Start of Materials provided

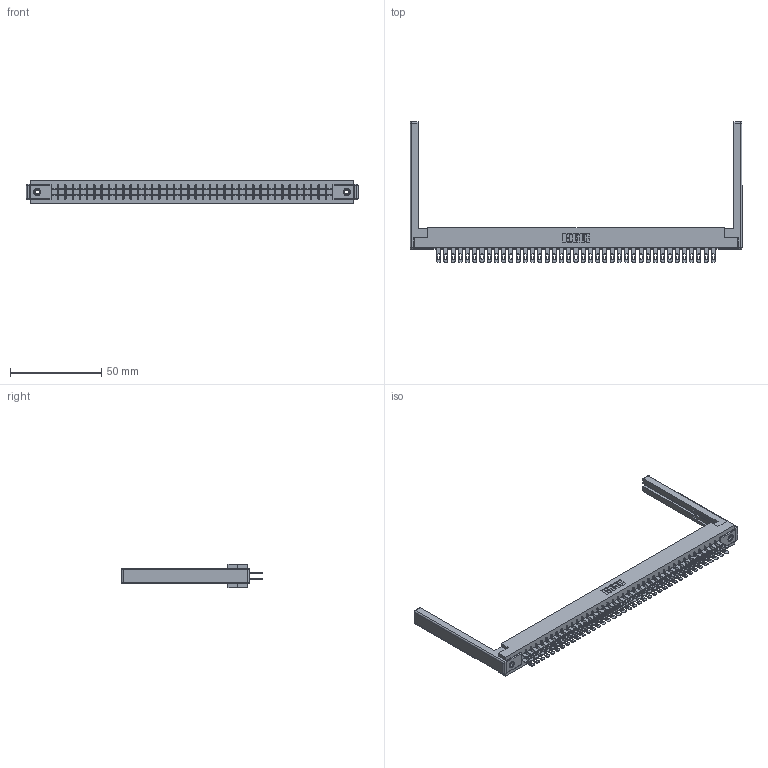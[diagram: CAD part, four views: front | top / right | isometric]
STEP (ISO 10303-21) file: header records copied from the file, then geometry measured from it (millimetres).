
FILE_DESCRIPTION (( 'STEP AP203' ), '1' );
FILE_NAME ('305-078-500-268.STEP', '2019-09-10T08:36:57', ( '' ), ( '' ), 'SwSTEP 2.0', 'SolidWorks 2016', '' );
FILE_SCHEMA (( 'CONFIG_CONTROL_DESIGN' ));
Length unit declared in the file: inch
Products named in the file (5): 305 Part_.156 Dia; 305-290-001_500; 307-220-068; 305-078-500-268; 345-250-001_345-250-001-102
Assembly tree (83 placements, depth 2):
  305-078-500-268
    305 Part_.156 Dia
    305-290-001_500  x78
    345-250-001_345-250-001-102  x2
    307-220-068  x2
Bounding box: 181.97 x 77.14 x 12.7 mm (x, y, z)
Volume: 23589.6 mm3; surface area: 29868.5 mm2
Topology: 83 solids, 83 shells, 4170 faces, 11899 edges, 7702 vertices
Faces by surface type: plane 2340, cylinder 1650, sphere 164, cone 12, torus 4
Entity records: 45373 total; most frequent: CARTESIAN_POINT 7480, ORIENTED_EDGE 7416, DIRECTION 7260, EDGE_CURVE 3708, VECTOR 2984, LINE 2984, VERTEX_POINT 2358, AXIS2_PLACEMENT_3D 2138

End of Materials provided

▶ [What to work on]
Exactly as written, give the line containing "Length unit declared in the file: inch" and all remaining lines of the records.

▶ [Answer to this exercise]
Length unit declared in the file: inch
Products named in the file (5): 305 Part_.156 Dia; 305-290-001_500; 307-220-068; 305-078-500-268; 345-250-001_345-250-001-102
Assembly tree (83 placements, depth 2):
  305-078-500-268
    305 Part_.156 Dia
    305-290-001_500  x78
    345-250-001_345-250-001-102  x2
    307-220-068  x2
Bounding box: 181.97 x 77.14 x 12.7 mm (x, y, z)
Volume: 23589.6 mm3; surface area: 29868.5 mm2
Topology: 83 solids, 83 shells, 4170 faces, 11899 edges, 7702 vertices
Faces by surface type: plane 2340, cylinder 1650, sphere 164, cone 12, torus 4
Entity records: 45373 total; most frequent: CARTESIAN_POINT 7480, ORIENTED_EDGE 7416, DIRECTION 7260, EDGE_CURVE 3708, VECTOR 2984, LINE 2984, VERTEX_POINT 2358, AXIS2_PLACEMENT_3D 2138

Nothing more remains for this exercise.